About this exercise:
Those lines of the material below that fall between its first line and the line with "BOSS_EXTRUDE2_DEPTH = 10", both included, are to be repeated exactly.

Extracted data:
┌──

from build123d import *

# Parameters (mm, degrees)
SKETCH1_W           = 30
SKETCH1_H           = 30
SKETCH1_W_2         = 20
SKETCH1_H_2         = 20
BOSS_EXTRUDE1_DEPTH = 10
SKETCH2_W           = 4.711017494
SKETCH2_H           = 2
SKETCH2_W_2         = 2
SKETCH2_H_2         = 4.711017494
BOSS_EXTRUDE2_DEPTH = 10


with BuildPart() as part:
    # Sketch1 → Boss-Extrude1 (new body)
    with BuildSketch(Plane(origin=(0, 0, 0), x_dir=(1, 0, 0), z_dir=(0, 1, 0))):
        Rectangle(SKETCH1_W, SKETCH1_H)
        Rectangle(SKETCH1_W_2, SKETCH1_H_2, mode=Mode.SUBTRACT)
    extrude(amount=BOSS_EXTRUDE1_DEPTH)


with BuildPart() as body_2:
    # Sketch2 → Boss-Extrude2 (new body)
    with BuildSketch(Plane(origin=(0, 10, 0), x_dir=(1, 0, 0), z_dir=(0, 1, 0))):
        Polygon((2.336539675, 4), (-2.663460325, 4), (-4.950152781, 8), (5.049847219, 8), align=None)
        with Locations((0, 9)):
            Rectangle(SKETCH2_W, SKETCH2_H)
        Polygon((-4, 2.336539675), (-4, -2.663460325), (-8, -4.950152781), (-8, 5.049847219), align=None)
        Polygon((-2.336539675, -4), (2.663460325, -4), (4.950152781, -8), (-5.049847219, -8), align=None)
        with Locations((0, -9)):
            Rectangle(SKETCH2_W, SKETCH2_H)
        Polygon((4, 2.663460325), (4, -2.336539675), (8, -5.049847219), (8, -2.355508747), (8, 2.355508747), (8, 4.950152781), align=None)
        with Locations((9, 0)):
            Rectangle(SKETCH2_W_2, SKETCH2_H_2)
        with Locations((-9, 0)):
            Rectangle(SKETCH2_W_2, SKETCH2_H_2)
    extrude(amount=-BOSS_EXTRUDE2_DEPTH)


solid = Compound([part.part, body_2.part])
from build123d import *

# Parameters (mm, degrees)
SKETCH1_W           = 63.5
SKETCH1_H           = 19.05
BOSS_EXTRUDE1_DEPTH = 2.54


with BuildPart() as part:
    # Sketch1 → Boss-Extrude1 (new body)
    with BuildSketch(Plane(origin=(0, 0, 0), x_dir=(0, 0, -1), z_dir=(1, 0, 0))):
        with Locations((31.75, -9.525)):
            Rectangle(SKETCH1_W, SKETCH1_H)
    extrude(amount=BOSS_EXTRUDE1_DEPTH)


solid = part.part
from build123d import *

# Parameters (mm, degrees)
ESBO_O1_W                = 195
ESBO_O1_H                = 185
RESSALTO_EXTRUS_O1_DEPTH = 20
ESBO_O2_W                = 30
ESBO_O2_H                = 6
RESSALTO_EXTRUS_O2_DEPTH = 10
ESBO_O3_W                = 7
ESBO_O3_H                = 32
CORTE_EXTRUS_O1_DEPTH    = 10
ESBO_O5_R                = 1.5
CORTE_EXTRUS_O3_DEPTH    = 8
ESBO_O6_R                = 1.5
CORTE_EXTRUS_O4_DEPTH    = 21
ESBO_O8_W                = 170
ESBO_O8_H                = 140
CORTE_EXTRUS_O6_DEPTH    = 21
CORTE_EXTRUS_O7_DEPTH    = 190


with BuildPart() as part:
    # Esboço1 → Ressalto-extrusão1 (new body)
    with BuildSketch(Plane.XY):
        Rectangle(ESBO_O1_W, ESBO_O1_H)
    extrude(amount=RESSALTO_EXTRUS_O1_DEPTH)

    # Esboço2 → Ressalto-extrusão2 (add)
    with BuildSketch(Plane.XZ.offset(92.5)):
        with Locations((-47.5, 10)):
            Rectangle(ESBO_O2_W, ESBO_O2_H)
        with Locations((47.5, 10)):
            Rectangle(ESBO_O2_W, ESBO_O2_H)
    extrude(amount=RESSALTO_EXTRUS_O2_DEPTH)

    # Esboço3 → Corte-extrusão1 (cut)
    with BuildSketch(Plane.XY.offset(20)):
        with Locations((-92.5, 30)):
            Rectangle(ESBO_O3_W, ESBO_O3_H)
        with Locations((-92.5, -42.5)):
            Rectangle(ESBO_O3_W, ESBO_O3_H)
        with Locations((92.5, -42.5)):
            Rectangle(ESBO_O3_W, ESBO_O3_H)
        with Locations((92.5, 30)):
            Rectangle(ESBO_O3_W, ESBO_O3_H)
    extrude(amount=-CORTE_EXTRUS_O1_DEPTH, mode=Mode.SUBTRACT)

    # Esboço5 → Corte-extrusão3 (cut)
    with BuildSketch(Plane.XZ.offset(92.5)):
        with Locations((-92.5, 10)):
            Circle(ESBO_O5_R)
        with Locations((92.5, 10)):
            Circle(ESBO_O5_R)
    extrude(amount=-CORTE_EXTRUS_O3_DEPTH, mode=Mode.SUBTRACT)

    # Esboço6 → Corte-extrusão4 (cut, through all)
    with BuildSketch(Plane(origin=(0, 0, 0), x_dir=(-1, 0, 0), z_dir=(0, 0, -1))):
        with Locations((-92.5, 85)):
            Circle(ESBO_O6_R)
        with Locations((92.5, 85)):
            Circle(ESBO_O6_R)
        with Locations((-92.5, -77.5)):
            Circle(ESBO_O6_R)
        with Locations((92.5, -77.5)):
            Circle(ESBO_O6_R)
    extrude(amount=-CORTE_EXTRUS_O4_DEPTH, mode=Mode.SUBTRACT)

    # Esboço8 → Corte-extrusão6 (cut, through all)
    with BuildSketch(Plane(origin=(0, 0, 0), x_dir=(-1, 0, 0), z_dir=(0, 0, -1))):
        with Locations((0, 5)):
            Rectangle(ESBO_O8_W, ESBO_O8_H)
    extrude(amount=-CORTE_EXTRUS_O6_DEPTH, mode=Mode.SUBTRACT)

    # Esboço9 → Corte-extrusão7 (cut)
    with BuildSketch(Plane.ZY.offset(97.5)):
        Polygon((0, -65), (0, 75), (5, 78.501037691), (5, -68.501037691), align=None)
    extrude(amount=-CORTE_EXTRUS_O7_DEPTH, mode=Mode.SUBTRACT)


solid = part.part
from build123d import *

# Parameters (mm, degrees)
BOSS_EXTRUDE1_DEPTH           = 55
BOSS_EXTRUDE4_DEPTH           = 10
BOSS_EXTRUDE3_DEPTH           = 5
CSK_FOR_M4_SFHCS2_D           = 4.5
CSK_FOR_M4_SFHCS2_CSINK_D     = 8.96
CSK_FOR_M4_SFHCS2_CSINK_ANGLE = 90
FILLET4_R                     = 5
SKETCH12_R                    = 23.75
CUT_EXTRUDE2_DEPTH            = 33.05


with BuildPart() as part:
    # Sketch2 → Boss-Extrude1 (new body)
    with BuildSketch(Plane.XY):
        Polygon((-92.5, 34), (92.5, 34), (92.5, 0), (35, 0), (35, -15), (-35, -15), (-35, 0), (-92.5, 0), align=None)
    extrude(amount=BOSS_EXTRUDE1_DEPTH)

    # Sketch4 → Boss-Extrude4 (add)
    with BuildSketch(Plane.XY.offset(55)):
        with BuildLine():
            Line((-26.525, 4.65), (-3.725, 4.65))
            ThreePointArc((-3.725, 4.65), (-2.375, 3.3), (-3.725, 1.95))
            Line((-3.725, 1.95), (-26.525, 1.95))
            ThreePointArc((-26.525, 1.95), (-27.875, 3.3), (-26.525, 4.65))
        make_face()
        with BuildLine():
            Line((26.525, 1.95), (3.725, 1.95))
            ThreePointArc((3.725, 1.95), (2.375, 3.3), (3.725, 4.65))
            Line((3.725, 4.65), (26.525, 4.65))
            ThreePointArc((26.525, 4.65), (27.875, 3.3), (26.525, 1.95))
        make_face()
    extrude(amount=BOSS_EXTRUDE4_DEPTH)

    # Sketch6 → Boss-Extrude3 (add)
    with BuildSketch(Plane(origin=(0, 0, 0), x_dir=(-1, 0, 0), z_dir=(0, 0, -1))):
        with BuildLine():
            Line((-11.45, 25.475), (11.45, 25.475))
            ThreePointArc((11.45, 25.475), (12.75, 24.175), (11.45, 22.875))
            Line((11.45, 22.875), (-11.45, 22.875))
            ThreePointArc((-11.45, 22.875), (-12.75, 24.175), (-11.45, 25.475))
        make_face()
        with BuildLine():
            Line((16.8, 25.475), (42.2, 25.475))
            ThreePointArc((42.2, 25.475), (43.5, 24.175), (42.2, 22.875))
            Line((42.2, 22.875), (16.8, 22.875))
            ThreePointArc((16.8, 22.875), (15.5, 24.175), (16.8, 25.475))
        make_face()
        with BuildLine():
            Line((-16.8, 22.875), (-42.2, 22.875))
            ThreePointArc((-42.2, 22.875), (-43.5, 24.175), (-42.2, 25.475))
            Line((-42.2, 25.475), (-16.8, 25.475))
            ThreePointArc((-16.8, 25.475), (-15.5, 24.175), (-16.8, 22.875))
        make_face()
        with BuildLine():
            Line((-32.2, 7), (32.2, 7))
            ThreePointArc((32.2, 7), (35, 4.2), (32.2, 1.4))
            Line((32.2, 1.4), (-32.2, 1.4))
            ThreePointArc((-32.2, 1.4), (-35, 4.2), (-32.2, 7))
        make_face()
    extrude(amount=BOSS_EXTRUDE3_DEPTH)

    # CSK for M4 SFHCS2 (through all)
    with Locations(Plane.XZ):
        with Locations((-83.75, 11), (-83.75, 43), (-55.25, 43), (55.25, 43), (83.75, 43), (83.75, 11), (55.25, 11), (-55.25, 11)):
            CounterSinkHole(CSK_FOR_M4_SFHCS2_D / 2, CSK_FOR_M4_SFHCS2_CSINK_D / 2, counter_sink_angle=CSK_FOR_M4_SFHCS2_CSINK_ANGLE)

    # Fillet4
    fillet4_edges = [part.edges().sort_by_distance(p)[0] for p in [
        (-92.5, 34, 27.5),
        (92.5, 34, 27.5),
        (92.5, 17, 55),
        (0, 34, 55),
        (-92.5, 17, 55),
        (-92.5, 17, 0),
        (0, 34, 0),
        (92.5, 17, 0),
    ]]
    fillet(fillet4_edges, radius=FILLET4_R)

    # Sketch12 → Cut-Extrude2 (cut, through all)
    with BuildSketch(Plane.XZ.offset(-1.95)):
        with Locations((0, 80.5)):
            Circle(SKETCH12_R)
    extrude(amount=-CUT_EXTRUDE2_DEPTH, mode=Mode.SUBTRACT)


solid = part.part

└──

Output:
from build123d import *

# Parameters (mm, degrees)
SKETCH1_W           = 30
SKETCH1_H           = 30
SKETCH1_W_2         = 20
SKETCH1_H_2         = 20
BOSS_EXTRUDE1_DEPTH = 10
SKETCH2_W           = 4.711017494
SKETCH2_H           = 2
SKETCH2_W_2         = 2
SKETCH2_H_2         = 4.711017494
BOSS_EXTRUDE2_DEPTH = 10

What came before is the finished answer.